Ko 143 is a potent and selective inhibitor of breast cancer resistance protein (BCRP; ABCG2) with an IC50 value of 23nM[1]. BCRP is an important transmembrane efflux transporter in the body and belongs to the ATP-binding cassette transporter superfamily. It is mainly responsible for the excretion of endogenous and exogenous substances into the extracellular space[2]. The selectivity of Ko 143 is more than 200 times that of P-glycoprotein (P-gp) and multidrug resistance protein-1 (MRP-1)[3].
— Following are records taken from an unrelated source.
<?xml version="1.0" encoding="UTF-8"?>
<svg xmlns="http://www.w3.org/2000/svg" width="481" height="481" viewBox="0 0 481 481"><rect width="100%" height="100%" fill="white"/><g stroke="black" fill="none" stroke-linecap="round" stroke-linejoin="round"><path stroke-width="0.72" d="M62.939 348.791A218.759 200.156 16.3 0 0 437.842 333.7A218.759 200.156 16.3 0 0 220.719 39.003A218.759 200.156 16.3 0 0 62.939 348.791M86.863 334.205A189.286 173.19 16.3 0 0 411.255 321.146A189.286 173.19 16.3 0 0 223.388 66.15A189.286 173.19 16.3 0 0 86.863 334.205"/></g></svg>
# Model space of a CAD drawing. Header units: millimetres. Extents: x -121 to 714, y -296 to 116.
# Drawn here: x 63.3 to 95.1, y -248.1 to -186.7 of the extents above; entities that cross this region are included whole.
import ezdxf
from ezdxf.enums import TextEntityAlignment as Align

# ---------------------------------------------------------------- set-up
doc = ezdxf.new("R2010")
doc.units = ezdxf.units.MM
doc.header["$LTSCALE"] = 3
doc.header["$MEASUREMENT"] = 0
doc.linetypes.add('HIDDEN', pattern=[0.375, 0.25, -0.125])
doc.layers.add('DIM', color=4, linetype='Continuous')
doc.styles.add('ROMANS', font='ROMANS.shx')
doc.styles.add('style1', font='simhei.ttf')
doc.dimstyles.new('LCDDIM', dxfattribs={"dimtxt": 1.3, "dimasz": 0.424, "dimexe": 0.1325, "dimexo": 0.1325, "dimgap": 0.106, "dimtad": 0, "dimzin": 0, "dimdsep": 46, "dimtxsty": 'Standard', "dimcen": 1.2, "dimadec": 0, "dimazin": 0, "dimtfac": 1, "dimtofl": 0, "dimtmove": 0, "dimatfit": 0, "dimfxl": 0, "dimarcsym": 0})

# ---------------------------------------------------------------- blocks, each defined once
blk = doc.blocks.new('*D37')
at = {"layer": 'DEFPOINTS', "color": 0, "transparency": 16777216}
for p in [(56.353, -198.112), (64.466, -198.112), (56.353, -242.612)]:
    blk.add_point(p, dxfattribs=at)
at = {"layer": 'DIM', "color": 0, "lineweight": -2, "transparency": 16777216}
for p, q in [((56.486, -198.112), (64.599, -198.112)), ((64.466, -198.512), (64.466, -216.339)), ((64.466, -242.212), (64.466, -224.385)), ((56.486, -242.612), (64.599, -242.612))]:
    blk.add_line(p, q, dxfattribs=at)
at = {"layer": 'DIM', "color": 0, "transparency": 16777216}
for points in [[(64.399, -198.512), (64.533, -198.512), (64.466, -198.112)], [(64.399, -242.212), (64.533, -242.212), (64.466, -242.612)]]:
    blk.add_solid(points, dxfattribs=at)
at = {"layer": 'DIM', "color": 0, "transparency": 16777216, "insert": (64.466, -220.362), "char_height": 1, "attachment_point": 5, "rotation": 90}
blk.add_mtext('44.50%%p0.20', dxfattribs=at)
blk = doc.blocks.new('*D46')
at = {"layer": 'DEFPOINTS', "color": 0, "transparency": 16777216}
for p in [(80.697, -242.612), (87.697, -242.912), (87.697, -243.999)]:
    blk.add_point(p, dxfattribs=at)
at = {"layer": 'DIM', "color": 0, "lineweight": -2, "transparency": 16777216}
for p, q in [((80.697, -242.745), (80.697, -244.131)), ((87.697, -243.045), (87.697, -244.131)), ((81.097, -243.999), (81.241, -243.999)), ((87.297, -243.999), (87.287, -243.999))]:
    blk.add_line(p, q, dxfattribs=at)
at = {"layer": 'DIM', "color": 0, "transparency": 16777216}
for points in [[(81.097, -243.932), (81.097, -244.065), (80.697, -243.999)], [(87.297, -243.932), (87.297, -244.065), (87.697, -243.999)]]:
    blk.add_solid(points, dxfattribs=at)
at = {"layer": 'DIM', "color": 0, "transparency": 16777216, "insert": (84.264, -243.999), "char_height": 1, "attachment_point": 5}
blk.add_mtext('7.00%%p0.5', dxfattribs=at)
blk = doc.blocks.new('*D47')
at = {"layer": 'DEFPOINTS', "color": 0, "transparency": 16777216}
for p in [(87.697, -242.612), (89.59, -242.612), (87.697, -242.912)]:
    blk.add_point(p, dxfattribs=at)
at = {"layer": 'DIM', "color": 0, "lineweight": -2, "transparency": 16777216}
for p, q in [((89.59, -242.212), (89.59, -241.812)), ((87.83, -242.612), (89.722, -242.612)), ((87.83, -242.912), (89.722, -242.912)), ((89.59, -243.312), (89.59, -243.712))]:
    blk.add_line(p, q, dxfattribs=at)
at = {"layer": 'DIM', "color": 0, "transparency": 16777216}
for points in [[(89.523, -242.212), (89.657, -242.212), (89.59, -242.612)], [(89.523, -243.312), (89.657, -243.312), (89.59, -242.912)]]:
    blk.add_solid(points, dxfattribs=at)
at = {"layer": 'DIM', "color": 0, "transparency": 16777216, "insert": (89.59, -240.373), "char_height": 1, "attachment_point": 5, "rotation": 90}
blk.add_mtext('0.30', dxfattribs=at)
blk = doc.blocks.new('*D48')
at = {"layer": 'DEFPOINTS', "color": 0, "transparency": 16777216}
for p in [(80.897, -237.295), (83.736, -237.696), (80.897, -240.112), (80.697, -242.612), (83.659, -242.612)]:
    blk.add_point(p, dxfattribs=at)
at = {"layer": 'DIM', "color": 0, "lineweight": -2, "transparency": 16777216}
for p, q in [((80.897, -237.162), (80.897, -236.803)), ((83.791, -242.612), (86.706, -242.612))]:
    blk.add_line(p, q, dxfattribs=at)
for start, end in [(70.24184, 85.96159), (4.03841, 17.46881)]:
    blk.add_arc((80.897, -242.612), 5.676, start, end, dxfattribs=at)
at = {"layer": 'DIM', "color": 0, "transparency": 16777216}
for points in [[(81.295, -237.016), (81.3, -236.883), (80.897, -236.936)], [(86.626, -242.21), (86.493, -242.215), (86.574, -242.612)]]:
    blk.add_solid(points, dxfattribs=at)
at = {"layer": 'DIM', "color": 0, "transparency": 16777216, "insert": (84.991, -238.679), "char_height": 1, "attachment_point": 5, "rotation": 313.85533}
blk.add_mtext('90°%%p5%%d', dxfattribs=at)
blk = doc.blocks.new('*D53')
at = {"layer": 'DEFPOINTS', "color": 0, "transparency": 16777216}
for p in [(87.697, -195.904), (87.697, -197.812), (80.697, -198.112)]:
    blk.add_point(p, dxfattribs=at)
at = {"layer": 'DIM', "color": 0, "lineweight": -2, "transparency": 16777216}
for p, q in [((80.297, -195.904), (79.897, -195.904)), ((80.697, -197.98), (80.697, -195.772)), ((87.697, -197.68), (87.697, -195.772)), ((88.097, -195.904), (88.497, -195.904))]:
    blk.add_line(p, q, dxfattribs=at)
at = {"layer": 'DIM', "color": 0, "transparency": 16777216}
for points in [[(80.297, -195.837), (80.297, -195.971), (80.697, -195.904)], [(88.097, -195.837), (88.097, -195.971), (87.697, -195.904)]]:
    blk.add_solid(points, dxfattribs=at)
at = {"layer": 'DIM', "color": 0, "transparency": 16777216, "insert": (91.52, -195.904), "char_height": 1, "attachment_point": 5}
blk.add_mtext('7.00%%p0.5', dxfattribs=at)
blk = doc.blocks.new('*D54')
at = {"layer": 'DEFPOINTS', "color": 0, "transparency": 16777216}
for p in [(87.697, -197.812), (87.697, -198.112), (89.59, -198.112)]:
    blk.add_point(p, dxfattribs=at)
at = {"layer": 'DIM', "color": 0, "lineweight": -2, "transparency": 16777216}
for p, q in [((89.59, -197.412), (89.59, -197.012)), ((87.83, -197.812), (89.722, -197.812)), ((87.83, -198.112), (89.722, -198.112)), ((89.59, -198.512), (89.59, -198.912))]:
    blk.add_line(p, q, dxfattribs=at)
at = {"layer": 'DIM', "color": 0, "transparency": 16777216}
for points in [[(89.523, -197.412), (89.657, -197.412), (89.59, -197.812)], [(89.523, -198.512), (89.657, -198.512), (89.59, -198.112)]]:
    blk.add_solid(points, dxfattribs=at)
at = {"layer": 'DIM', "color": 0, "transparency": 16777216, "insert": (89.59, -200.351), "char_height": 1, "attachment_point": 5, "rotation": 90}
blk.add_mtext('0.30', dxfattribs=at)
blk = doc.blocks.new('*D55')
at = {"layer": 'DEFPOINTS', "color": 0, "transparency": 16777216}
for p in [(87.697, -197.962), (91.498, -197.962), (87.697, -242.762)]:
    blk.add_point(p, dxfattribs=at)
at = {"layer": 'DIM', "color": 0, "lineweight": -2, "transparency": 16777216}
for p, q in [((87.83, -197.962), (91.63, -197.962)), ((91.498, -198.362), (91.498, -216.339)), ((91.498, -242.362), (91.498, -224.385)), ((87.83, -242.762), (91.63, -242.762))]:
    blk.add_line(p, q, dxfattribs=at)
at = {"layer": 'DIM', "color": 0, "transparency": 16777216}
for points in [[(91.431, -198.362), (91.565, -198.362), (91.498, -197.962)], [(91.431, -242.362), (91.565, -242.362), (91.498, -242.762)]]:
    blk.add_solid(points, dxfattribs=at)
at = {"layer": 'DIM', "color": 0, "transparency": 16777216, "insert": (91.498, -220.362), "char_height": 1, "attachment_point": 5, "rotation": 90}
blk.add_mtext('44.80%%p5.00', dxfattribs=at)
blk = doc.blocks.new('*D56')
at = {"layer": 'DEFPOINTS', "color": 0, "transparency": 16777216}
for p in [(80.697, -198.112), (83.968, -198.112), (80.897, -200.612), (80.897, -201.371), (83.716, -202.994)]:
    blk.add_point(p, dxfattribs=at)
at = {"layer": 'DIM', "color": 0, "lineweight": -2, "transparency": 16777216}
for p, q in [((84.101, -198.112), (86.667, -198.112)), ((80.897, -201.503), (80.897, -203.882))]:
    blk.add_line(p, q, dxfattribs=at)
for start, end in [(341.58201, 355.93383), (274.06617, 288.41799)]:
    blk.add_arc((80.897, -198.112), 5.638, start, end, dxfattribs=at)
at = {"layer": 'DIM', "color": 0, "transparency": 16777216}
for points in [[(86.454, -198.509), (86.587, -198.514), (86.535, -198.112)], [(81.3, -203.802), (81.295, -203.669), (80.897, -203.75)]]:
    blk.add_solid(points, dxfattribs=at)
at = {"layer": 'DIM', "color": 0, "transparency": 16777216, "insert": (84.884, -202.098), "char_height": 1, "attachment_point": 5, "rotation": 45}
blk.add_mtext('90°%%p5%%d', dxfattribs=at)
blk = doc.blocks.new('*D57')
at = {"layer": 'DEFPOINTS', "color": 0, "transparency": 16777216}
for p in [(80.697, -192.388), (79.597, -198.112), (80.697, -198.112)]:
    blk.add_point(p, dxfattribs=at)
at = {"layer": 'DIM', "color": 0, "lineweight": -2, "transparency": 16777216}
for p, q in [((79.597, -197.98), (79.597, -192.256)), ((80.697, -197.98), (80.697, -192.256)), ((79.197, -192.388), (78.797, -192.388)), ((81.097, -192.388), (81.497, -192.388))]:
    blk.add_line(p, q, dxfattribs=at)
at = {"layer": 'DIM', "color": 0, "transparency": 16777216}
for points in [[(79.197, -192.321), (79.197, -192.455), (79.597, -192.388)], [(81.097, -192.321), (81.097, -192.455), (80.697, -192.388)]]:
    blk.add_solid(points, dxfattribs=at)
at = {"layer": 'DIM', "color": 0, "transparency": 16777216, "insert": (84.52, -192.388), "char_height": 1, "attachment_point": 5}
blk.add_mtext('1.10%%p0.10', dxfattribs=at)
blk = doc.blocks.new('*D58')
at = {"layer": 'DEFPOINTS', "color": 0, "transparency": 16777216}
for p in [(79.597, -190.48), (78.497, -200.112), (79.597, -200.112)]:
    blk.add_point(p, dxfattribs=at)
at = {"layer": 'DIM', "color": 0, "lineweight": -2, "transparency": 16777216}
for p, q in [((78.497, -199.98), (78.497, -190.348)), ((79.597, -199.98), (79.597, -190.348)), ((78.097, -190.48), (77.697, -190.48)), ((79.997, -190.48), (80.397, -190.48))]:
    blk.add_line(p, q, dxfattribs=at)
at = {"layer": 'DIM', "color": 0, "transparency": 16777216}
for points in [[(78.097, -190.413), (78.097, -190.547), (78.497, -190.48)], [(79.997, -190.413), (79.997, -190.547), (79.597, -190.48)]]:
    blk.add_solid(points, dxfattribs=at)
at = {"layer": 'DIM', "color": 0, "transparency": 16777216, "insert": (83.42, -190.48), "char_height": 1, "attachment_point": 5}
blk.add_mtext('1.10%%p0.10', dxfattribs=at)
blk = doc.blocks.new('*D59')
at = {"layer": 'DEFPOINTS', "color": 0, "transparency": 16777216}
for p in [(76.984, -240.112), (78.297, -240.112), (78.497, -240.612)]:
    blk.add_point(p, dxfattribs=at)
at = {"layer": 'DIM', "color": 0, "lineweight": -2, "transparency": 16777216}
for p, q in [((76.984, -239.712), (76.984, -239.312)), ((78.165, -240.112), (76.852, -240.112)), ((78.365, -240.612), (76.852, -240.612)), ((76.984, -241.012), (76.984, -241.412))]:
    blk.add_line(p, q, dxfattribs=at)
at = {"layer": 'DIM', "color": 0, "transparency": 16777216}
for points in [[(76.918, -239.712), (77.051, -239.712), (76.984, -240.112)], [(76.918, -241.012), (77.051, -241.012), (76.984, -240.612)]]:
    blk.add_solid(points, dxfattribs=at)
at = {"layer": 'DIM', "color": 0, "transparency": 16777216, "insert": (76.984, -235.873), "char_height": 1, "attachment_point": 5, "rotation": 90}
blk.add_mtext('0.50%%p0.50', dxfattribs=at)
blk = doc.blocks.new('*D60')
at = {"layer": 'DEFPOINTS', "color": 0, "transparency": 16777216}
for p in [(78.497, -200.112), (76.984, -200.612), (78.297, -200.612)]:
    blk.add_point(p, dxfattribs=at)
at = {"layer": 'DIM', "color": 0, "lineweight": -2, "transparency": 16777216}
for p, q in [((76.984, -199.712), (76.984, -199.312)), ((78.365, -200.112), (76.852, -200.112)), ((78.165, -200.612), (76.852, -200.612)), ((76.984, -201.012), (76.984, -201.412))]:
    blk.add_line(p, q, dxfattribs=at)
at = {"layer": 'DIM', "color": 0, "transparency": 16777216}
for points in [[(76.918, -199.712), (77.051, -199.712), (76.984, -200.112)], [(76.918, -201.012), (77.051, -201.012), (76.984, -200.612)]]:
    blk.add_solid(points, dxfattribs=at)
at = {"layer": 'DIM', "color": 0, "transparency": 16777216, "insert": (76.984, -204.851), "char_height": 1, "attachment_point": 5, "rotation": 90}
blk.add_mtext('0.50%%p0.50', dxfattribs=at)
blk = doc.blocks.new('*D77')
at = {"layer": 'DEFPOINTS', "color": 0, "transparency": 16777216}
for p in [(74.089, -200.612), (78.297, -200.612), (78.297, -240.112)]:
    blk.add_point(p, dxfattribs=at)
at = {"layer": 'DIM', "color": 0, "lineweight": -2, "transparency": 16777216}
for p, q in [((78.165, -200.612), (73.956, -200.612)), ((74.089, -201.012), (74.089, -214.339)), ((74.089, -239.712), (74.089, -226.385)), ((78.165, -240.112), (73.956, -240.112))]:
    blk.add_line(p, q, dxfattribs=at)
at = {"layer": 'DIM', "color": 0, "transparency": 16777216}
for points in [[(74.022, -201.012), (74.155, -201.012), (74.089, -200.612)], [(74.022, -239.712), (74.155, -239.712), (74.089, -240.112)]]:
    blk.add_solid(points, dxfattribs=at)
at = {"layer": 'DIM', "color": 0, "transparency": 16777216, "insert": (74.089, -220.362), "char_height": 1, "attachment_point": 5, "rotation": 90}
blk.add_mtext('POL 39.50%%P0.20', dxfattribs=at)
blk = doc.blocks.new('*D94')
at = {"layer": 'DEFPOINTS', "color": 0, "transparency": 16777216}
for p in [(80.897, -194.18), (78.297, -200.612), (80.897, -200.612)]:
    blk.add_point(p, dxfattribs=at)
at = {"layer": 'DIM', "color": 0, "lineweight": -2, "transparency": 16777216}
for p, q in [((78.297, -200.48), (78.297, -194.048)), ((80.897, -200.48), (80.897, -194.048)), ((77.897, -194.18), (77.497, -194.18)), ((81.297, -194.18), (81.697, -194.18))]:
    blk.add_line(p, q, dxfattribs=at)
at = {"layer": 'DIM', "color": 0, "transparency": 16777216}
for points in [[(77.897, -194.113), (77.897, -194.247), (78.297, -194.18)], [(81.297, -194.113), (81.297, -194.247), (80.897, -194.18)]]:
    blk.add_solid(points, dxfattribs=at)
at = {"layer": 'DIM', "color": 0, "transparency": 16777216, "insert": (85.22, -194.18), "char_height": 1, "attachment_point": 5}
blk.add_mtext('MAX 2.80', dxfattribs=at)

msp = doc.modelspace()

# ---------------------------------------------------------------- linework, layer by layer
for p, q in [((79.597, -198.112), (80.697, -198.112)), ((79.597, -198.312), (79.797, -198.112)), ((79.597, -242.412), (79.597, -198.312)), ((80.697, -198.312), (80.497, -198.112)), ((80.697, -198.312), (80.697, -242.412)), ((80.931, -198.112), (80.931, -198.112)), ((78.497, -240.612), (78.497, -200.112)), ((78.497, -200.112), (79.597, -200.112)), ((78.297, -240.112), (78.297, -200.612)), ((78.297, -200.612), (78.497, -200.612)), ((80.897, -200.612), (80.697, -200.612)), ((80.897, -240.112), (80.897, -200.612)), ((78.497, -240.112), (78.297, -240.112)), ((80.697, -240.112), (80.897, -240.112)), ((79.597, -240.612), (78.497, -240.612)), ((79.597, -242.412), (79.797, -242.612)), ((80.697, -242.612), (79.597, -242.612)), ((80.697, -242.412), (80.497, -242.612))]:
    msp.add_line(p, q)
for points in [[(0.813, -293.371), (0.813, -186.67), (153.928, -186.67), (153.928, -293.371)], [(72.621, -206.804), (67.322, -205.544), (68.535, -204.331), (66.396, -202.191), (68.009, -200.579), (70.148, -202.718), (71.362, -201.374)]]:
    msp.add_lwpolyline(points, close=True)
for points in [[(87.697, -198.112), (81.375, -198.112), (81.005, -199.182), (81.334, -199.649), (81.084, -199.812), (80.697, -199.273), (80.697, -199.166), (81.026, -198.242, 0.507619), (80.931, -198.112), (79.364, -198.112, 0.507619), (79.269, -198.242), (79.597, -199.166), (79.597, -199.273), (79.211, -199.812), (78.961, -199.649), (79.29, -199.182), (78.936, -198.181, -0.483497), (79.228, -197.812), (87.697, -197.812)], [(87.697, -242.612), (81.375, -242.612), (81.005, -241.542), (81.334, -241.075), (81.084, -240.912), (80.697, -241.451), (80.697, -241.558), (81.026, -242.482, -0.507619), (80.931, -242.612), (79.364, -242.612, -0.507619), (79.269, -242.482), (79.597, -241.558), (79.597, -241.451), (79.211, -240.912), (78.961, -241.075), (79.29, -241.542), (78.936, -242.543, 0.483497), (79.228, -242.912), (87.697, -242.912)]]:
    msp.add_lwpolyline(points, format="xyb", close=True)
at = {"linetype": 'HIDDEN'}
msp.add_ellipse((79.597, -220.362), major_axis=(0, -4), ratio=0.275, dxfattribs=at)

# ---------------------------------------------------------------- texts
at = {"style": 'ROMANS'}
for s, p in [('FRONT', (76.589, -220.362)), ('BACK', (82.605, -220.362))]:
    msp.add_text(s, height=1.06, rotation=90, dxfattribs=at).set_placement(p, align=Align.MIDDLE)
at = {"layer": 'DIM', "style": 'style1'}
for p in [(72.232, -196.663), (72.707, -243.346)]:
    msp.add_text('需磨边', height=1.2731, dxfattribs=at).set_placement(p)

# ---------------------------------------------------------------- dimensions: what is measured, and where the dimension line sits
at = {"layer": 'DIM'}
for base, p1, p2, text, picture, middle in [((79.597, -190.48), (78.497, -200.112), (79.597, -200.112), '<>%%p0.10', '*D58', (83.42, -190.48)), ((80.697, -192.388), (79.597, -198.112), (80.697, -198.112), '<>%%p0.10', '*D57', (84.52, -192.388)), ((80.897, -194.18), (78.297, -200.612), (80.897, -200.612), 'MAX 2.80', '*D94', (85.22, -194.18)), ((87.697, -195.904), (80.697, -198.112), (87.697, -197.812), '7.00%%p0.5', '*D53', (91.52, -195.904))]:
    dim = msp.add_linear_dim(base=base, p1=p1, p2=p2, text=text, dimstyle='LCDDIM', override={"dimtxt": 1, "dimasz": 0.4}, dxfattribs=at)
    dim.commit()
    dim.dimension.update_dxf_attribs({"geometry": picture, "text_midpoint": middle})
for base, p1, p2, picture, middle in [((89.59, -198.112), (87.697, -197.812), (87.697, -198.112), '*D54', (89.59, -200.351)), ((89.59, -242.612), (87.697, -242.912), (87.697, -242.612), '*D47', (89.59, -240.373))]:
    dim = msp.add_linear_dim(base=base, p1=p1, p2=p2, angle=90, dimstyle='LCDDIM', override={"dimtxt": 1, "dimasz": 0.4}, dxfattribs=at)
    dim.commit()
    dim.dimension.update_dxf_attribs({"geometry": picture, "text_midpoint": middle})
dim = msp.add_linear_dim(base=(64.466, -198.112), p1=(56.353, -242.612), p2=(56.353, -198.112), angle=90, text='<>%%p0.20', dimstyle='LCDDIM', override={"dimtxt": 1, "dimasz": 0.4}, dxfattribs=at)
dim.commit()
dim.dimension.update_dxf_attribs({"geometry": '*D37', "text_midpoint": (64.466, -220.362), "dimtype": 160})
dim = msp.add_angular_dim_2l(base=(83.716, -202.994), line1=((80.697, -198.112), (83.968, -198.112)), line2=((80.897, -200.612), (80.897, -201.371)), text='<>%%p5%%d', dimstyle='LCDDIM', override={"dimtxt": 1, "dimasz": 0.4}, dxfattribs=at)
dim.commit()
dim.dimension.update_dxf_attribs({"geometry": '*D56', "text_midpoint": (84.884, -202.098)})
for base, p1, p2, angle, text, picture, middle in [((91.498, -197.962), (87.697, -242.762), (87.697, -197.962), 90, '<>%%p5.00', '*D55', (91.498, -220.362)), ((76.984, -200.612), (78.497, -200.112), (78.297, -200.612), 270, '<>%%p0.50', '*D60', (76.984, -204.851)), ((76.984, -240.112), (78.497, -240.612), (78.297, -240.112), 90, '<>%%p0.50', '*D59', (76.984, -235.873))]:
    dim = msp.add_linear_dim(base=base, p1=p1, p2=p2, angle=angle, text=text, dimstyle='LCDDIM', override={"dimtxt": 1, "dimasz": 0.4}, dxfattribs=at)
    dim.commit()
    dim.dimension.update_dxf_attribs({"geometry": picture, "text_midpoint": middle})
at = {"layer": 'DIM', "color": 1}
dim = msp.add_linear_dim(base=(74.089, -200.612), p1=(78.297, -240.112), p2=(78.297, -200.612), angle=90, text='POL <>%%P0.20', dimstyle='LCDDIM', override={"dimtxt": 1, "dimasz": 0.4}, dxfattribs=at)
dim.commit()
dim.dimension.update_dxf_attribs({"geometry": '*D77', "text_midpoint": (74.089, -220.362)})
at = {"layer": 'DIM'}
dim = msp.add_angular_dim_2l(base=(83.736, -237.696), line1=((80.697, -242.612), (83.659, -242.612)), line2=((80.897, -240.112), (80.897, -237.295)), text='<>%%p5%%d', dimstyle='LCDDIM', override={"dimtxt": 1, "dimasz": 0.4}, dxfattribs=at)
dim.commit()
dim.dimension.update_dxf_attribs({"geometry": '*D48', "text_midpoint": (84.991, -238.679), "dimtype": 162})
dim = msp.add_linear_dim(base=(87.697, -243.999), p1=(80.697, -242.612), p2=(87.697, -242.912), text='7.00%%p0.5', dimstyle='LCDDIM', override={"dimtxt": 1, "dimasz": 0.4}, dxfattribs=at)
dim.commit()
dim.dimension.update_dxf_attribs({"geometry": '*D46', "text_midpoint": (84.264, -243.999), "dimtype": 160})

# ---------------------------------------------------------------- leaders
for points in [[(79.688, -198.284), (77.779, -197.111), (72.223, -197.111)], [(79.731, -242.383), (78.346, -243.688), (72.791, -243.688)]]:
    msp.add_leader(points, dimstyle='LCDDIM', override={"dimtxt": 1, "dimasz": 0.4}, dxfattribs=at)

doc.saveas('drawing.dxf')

In vitro, Ko 143 (1.5µM) treatment of U251-V cells expressing ABCG2 for 4h inhibited ABCG2 and restored the intracellular accumulation of the photosensitizer dihydrochlorin e6 (Ce6)[4]. Ko 143 (1μM) treatment of MCF7 cells significantly increased the intracellular fluorescence of mitoxantrone[5]. Treatment of HeLa1A1 cells expressing UGT1A1 with Ko 143 (5, 20μM) significantly reduced the cellular excretion of DMC-O-glucuronide[6].
In vivo, oral treatment of Mdr1a/1b-/- mice with Ko 143 (10mg/kg) increased the oral availability of topotecan and increased its plasma concentration by 4-6 fold at 30 and 60min after administration[7].
References:
[1] Yu Q, Dehghani-Ghahnaviyeh S, Rasouli A, et al. Modulation of ABCG2 Transporter Activity by Ko143 Derivatives[J]. ACS Chemical Biology, 2024, 19(11): 2304-2313.
[2] Choudhuri S, Klaassen C D. Structure, function, expression, genomic organization, and single nucleotide polymorphisms of human ABCB1 (MDR1), ABCC (MRP), and ABCG2 (BCRP) efflux transporters[J]. International journal of toxicology, 2006, 25(4): 231-259.
[3] Lustig S D, Kodali S K, Longo S L, et al. Ko143 reverses MDR in glioblastoma via deactivating P-glycoprotein, sensitizing a resistant phenotype to TMZ treatment[J]. Anticancer Research, 2022, 42(2): 723-730.
[4] Gaber S A A, Müller P, Zimmermann W, et al. ABCG2-mediated suppression of chlorin e6 accumulation and photodynamic therapy efficiency in glioblastoma cell lines can be reversed by KO143[J]. Journal of Photochemistry and Photobiology B: Biology, 2018, 178: 182-191.
[5] Wang J S, Zhu H J, Markowitz J S, et al. Antipsychotic drugs inhibit the function of breast cancer resistance protein[J]. Basic & clinical pharmacology & toxicology, 2008, 103(4): 336-341.
[6] Zhang B, Yang J, Qin Z, et al. Mechanism of the efflux transport of demethoxycurcumin-O-glucuronides in HeLa cells stably transfected with UDP-glucuronosyltransferase 1A1[J]. Plos one, 2019, 14(5): e0217695.
[7] Allen J D, Van Loevezijn A, Lakhai J M, et al. Potent and specific inhibition of the breast cancer resistance protein multidrug transporter in vitro and in mouse intestine by a novel analogue of fumitremorgin C[J]. Molecular cancer therapeutics, 2002, 1(6): 417-425.
Ko 143是一种有效的选择性乳腺癌耐药蛋白(BCRP; ABCG2)抑制剂,IC50值为23nM[1]。BCRP是体内重要的跨膜外排转运体,属于ATP结合盒转运体超家族,主要负责将内、外源性物质排至细胞外[2]。Ko 143的选择性是P-糖蛋白(P-gp)和多药耐药蛋白-1(MRP-1 )的200倍以上[3]。
在体外,Ko 143(1.5µM)处理表达 ABCG2的U251-V细胞4h,抑制了ABCG2,恢复了光敏剂二氢卟酚e6(Ce6)在细胞内的积累[4]。Ko 143(1μM)处理MCF7细胞,显著增加了米托蒽醌(mitoxantrone)的细胞内荧光[5]。Ko 143(5、20μM)处理表达UGT1A1的HeLa1A1细胞,显著减少了DMC-O-葡萄糖醛酸苷的细胞排泄[6]。
在体内,Ko 143(10mg/kg)通过口服治疗Mdr1a/1b-/-小鼠,给药后30min和 60min,增加了拓扑替康(topotecan)的口服可用性,使其在血浆的浓度升高了4-6倍[7]。